# What you have to do
Look for the line that has "blk.add_blockref('_Open30', (735.033, 236.483), dxfattribs=at)" in the material below; please repeat it and every line after it, exactly, up to and including the line that has "blk = doc.blocks.new('A$C548803C5')", and nothing else.

# Data for processing
□ □ □
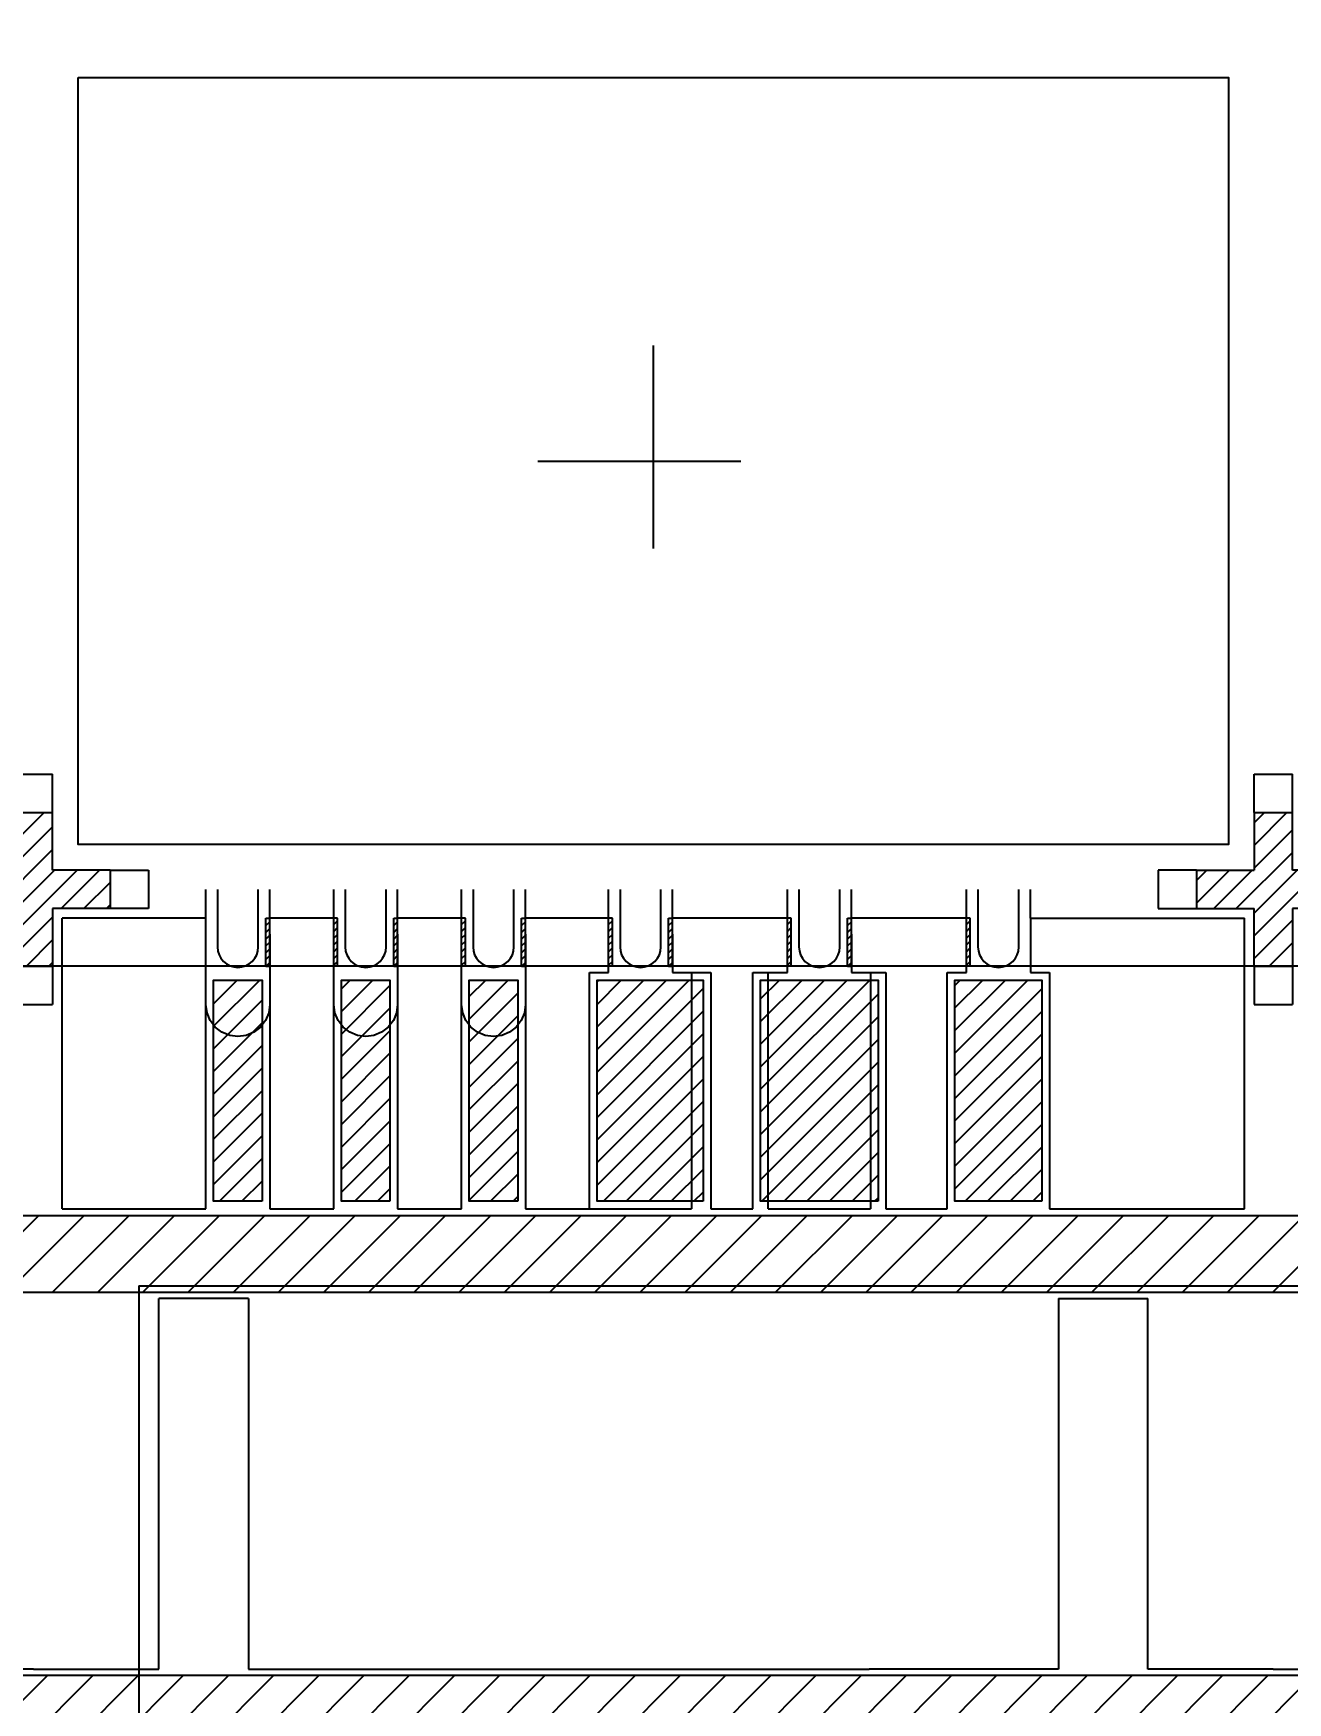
# Model space of a CAD drawing. Extents: x 98 to 785, y 191 to 514.
# Drawn here: x 217.08 to 226.9, y 260.5 to 273.56 of the extents above; entities that cross this region are included whole.
import ezdxf

# ---------------------------------------------------------------- set-up
doc = ezdxf.new("R2010")
doc.units = 0
doc.header["$LTSCALE"] = 12.7
doc.header["$MEASUREMENT"] = 0
doc.header["$PDMODE"] = 2
doc.linetypes.add('CENTER', pattern=[2, 1.25, -0.25, 0.25, -0.25])
doc.linetypes.add('PHANTOM', pattern=[2.5, 1.25, -0.25, 0.25, -0.25, 0.25, -0.25])
doc.layers.get('0').update_dxf_attribs({"linetype": 'CONTINUOUS'})
doc.layers.get('DEFPOINTS').update_dxf_attribs({"linetype": 'CONTINUOUS'})
for name, color, linetype in [('SH-01_CENTER', 2, 'CENTER'), ('SH-01_DIM', 4, 'CONTINUOUS'), ('SH-01_HATCH', 10, 'CONTINUOUS'), ('SH-01_HIDDEN', 6, 'CONTINUOUS'), ('SH-01_MISC', 5, 'CONTINUOUS'), ('SH-01_NOTES', 3, 'CONTINUOUS'), ('SH-01_OBJECT', 7, 'CONTINUOUS'), ('SH-01_PHANTOM', 1, 'PHANTOM')]:
    doc.layers.add(name, color=color, linetype=linetype)
doc.styles.get("Standard").update_dxf_attribs({"font": 'simplex.shx', "width": 0.82})
doc.dimstyles.new('STANDARD$0', dxfattribs={"dimtxt": 0.18, "dimasz": 0.18, "dimexe": 0.18, "dimexo": 0.0625, "dimgap": 0.09, "dimtad": 0, "dimtih": 1, "dimtoh": 1, "dimdec": 4, "dimzin": 0, "dimdsep": 46, "dimtxsty": 'STANDARD', "dimcen": 0.09, "dimadec": 0, "dimazin": 0, "dimtfac": 1, "dimtdec": 4, "dimtofl": 0, "dimtmove": 0, "dimatfit": 3, "dimfxl": 1, "dimtolj": 1, "dimtzin": 0, "dimarcsym": 0})

# ---------------------------------------------------------------- blocks, each defined once
blk = doc.blocks.new('A$C1C491FD5')
at = {"layer": 'SH-01_HATCH', "ltscale": 0.05}
h = blk.add_hatch(dxfattribs=at)
h.set_pattern_fill('ANSI31', color=256, scale=0.5)
h.set_pattern_definition([(45, (-84.885784, -132.481096), (-0.044194174, 0.044194174), [])])
h.paths.add_polyline_path([(-0.5192, 1.101), (-0.5192, 1.326), (-0.6692, 1.326), (-0.6692, 1.101), (-0.8942, 1.101), (-0.8942, 0.951), (-0.6692, 0.951), (-0.6692, 0.726), (-0.5192, 0.726), (-0.5192, 0.951), (-0.2942, 0.951), (-0.2942, 1.101)])
at = {"layer": 'SH-01_HIDDEN'}
for p, q in [((-0.6692, 1.476), (-0.5192, 1.476)), ((-0.6692, 1.326), (-0.6692, 1.476)), ((-0.5192, 1.326), (-0.5192, 1.476)), ((-1.0442, 1.101), (-1.0442, 0.951)), ((-0.8942, 1.101), (-1.0442, 1.101)), ((-0.2942, 1.101), (-0.1442, 1.101)), ((-0.1442, 1.101), (-0.1442, 0.951)), ((-1.0442, 0.951), (-0.8942, 0.951)), ((-0.1442, 0.951), (-0.2942, 0.951)), ((-0.6692, 0.726), (-0.6692, 0.576)), ((-0.5192, 0.726), (-0.5192, 0.576)), ((-0.6692, 0.576), (-0.5192, 0.576))]:
    blk.add_line(p, q, dxfattribs=at)
at = {"layer": 'SH-01_OBJECT'}
for p, q in [((-0.6692, 1.326), (-0.6692, 1.101)), ((-0.6692, 1.326), (-0.5192, 1.326)), ((-0.5192, 1.101), (-0.5192, 1.326)), ((-0.8942, 1.101), (-0.8942, 0.951)), ((-0.8942, 1.101), (-0.6692, 1.101)), ((-0.2942, 1.101), (-0.5192, 1.101)), ((-0.2942, 1.101), (-0.2942, 0.951)), ((-0.8942, 0.951), (-0.6692, 0.951)), ((-0.6692, 0.726), (-0.6692, 0.951)), ((-0.6692, 0.951), (-0.6692, 0.951)), ((-0.5192, 0.951), (-0.5192, 0.951)), ((-0.5192, 0.951), (-0.5192, 0.726)), ((-0.2942, 0.951), (-0.5192, 0.951)), ((-0.6692, 0.726), (-0.5192, 0.726))]:
    blk.add_line(p, q, dxfattribs=at)
blk = doc.blocks.new('_Open30')
at = {"color": 0, "lineweight": -2}
for p, q in [((-1, 0.2679), (0, 0)), ((0, 0), (-1, -0.2679)), ((0, 0), (-1, 0))]:
    blk.add_line(p, q, dxfattribs=at)
blk = doc.blocks.new('*D29')
at = {"layer": 'DEFPOINTS', "color": 0, "ltscale": 0.05, "transparency": 16777216}
for p in [(155.033, 266.264), (735.033, 266.264), (735.033, 236.483)]:
    blk.add_point(p, dxfattribs=at)
at = {"layer": 'SH-01_DIM', "ltscale": 0.05, "transparency": 16777216}
for p, q in [((155.033, 263.724), (155.033, 233.943)), ((735.033, 263.724), (735.033, 233.943)), ((158.208, 236.483), (433.353, 236.483)), ((731.858, 236.483), (456.713, 236.483))]:
    blk.add_line(p, q, dxfattribs=at)
at = {"layer": 'SH-01_DIM', "ltscale": 0.05, "transparency": 16777216, "xscale": 3.175000000000011, "yscale": 3.175000000000011, "zscale": 3.175000000000011, "rotation": 180}
blk.add_blockref('_Open30', (155.033, 236.483), dxfattribs=at)
at = {"layer": 'SH-01_DIM', "ltscale": 0.05, "transparency": 16777216, "xscale": 3.175000000000011, "yscale": 3.175000000000011, "zscale": 3.175000000000011}
blk.add_blockref('_Open30', (735.033, 236.483), dxfattribs=at)
at = {"layer": 'SH-01_DIM', "ltscale": 0.05, "transparency": 16777216, "insert": (445.033, 236.483), "char_height": 1.524, "attachment_point": 5}
blk.add_mtext('\\A1;SAW SINGULATION AREA\\P 290.0000', dxfattribs=at)
blk = doc.blocks.new('A$C548803C5')
at = {"layer": 'SH-01_CENTER', "ltscale": 0.05}
for p, q in [((1, 1.4514), (1, 0.5486)), ((0.5486, 1), (1.4514, 1))]:
    blk.add_line(p, q, dxfattribs=at)
at = {"layer": 'SH-01_MISC', "ltscale": 0.05}
blk.add_lwpolyline([(-1.25, 2.5), (3.25, 2.5), (3.25, -0.5), (-1.25, -0.5)], close=True, dxfattribs=at)
blk = doc.blocks.new('top')
at = {"layer": 'SH-01_HATCH', "ltscale": 0.05}
h = blk.add_hatch(dxfattribs=at)
h.set_pattern_fill('ANSI31', color=256, scale=0.3, angle=180)
h.set_pattern_definition([(225, (-202.500742, 310.435955), (0.0265165, -0.0265165), [])])
h.paths.add_polyline_path([(-204.051, 303.786), (-204.081, 303.786), (-204.081, 304.036), (-204.051, 304.036)])
h.paths.add_polyline_path([(-204.051, 304.036), (-204.081, 304.036), (-204.081, 304.161), (-204.051, 304.161)])
h = blk.add_hatch(dxfattribs=at)
h.set_pattern_fill('ANSI31', color=256, scale=0.3, angle=180)
h.set_pattern_definition([(225, (-201.500742, 310.435955), (0.0265165, -0.0265165), [])])
h.paths.add_polyline_path([(-203.551, 303.786), (-203.521, 303.786), (-203.521, 304.036), (-203.551, 304.036)])
h.paths.add_polyline_path([(-203.551, 304.036), (-203.521, 304.036), (-203.521, 304.161), (-203.551, 304.161)])
h = blk.add_hatch(dxfattribs=at)
h.set_pattern_fill('ANSI31', color=256, scale=0.3, angle=180)
h.set_pattern_definition([(225, (-201.500742, 310.435955), (0.0265165, -0.0265165), [])])
h.paths.add_polyline_path([(-203.051, 303.786), (-203.081, 303.786), (-203.081, 304.036), (-203.051, 304.036)])
h.paths.add_polyline_path([(-203.051, 304.036), (-203.081, 304.036), (-203.081, 304.161), (-203.051, 304.161)])
h = blk.add_hatch(dxfattribs=at)
h.set_pattern_fill('ANSI31', color=256, scale=0.3, angle=180)
h.set_pattern_definition([(225, (-200.500742, 310.435955), (0.0265165, -0.0265165), [])])
h.paths.add_polyline_path([(-202.551, 303.786), (-202.521, 303.786), (-202.521, 304.036), (-202.551, 304.036)])
h.paths.add_polyline_path([(-202.551, 304.036), (-202.521, 304.036), (-202.521, 304.161), (-202.551, 304.161)])
h = blk.add_hatch(dxfattribs=at)
h.set_pattern_fill('ANSI31', color=256, scale=0.3, angle=180)
h.set_pattern_definition([(225, (-200.500742, 310.435955), (0.0265165, -0.0265165), [])])
h.paths.add_polyline_path([(-202.051, 303.786), (-202.081, 303.786), (-202.081, 304.036), (-202.051, 304.036)])
h.paths.add_polyline_path([(-202.051, 304.036), (-202.081, 304.036), (-202.081, 304.161), (-202.051, 304.161)])
h = blk.add_hatch(dxfattribs=at)
h.set_pattern_fill('ANSI31', color=256, scale=0.3, angle=180)
h.set_pattern_definition([(225, (-199.350742, 310.435955), (0.0265165, -0.0265165), [])])
h.paths.add_polyline_path([(-201.401, 303.786), (-201.371, 303.786), (-201.371, 304.036), (-201.401, 304.036)])
h.paths.add_polyline_path([(-201.401, 304.036), (-201.371, 304.036), (-201.371, 304.161), (-201.401, 304.161)])
h = blk.add_hatch(dxfattribs=at)
h.set_pattern_fill('ANSI31', color=256, scale=0.3, angle=180)
h.set_pattern_definition([(225, (-199.350742, 310.435955), (0.0265165, -0.0265165), [])])
h.paths.add_polyline_path([(-200.901, 303.786), (-200.931, 303.786), (-200.931, 304.036), (-200.901, 304.036)])
h.paths.add_polyline_path([(-200.901, 304.036), (-200.931, 304.036), (-200.931, 304.161), (-200.901, 304.161)])
h = blk.add_hatch(dxfattribs=at)
h.set_pattern_fill('ANSI31', color=256, scale=0.3, angle=180)
h.set_pattern_definition([(225, (-197.950742, 310.435955), (0.0265165, -0.0265165), [])])
h.paths.add_polyline_path([(-200.001, 303.786), (-199.971, 303.786), (-199.971, 304.036), (-200.001, 304.036)])
h.paths.add_polyline_path([(-200.001, 304.036), (-199.971, 304.036), (-199.971, 304.161), (-200.001, 304.161)])
h = blk.add_hatch(dxfattribs=at)
h.set_pattern_fill('ANSI31', color=256, scale=0.3, angle=180)
h.set_pattern_definition([(225, (-197.950742, 310.435955), (0.0265165, -0.0265165), [])])
h.paths.add_polyline_path([(-199.501, 303.786), (-199.531, 303.786), (-199.531, 304.036), (-199.501, 304.036)])
h.paths.add_polyline_path([(-199.501, 304.036), (-199.531, 304.036), (-199.531, 304.161), (-199.501, 304.161)])
h = blk.add_hatch(dxfattribs=at)
h.set_pattern_fill('ANSI31', color=256, scale=0.3, angle=180)
h.set_pattern_definition([(225, (-196.550742, 310.435955), (0.0265165, -0.0265165), [])])
h.paths.add_polyline_path([(-198.601, 303.786), (-198.571, 303.786), (-198.571, 304.036), (-198.601, 304.036)])
h.paths.add_polyline_path([(-198.601, 304.036), (-198.571, 304.036), (-198.571, 304.161), (-198.601, 304.161)])
at = {"layer": 'SH-01_NOTES', "ltscale": 0.05}
h = blk.add_hatch(dxfattribs=at)
h.set_pattern_fill('ANSI31', color=256)
h.set_pattern_definition([(45, (-255.10801, 294.76845), (-0.08838835, 0.08838835), [])])
h.paths.add_polyline_path([(-204.111, 303.676), (-204.491, 303.676), (-204.491, 301.946), (-204.111, 301.946)])
h.paths.add_polyline_path([(-203.491, 301.946), (-203.111, 301.946), (-203.111, 303.676), (-203.491, 303.676)])
h.paths.add_polyline_path([(-202.111, 303.676), (-202.491, 303.676), (-202.491, 301.946), (-202.111, 301.946)])
h.paths.add_polyline_path([(-200.661, 303.676), (-201.491, 303.676), (-201.491, 301.946), (-200.661, 301.946)])
h.paths.add_polyline_path([(-200.211, 301.946), (-199.291, 301.946), (-199.291, 303.676), (-200.211, 303.676)])
h.paths.add_polyline_path([(-198.691, 301.946), (-198.011, 301.946), (-198.011, 303.676), (-198.691, 303.676)])
at = {"layer": 'SH-01_HIDDEN', "ltscale": 0.05}
for p, q in [((-204.551, 304.161), (-204.551, 304.386)), ((-204.461, 304.386), (-204.461, 303.936)), ((-204.141, 303.936), (-204.141, 304.386)), ((-204.051, 304.161), (-204.051, 304.386)), ((-203.551, 304.161), (-203.551, 304.386)), ((-203.461, 304.386), (-203.461, 303.936)), ((-203.141, 303.936), (-203.141, 304.386)), ((-203.051, 304.161), (-203.051, 304.386)), ((-202.551, 304.161), (-202.551, 304.386)), ((-202.461, 304.386), (-202.461, 303.936)), ((-202.141, 303.936), (-202.141, 304.386)), ((-202.051, 304.161), (-202.051, 304.386)), ((-201.401, 304.161), (-201.401, 304.386)), ((-201.311, 304.386), (-201.311, 303.936)), ((-200.991, 303.936), (-200.991, 304.386)), ((-200.901, 304.161), (-200.901, 304.386)), ((-200.001, 304.161), (-200.001, 304.386)), ((-199.911, 304.386), (-199.911, 303.936)), ((-199.591, 303.936), (-199.591, 304.386)), ((-199.501, 304.161), (-199.501, 304.386)), ((-198.601, 304.161), (-198.601, 304.386)), ((-198.511, 304.386), (-198.511, 303.936)), ((-198.191, 303.936), (-198.191, 304.386)), ((-198.101, 304.161), (-198.101, 304.386)), ((-201.551, 301.886), (-200.751, 301.886)), ((-200.151, 301.886), (-199.351, 301.886)), ((-200.151, 301.886), (-199.351, 301.886)), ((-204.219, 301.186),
□ □ □
# Expected answer
blk.add_blockref('_Open30', (735.033, 236.483), dxfattribs=at)
at = {"layer": 'SH-01_DIM', "ltscale": 0.05, "transparency": 16777216, "insert": (445.033, 236.483), "char_height": 1.524, "attachment_point": 5}
blk.add_mtext('\\A1;SAW SINGULATION AREA\\P 290.0000', dxfattribs=at)
blk = doc.blocks.new('A$C548803C5')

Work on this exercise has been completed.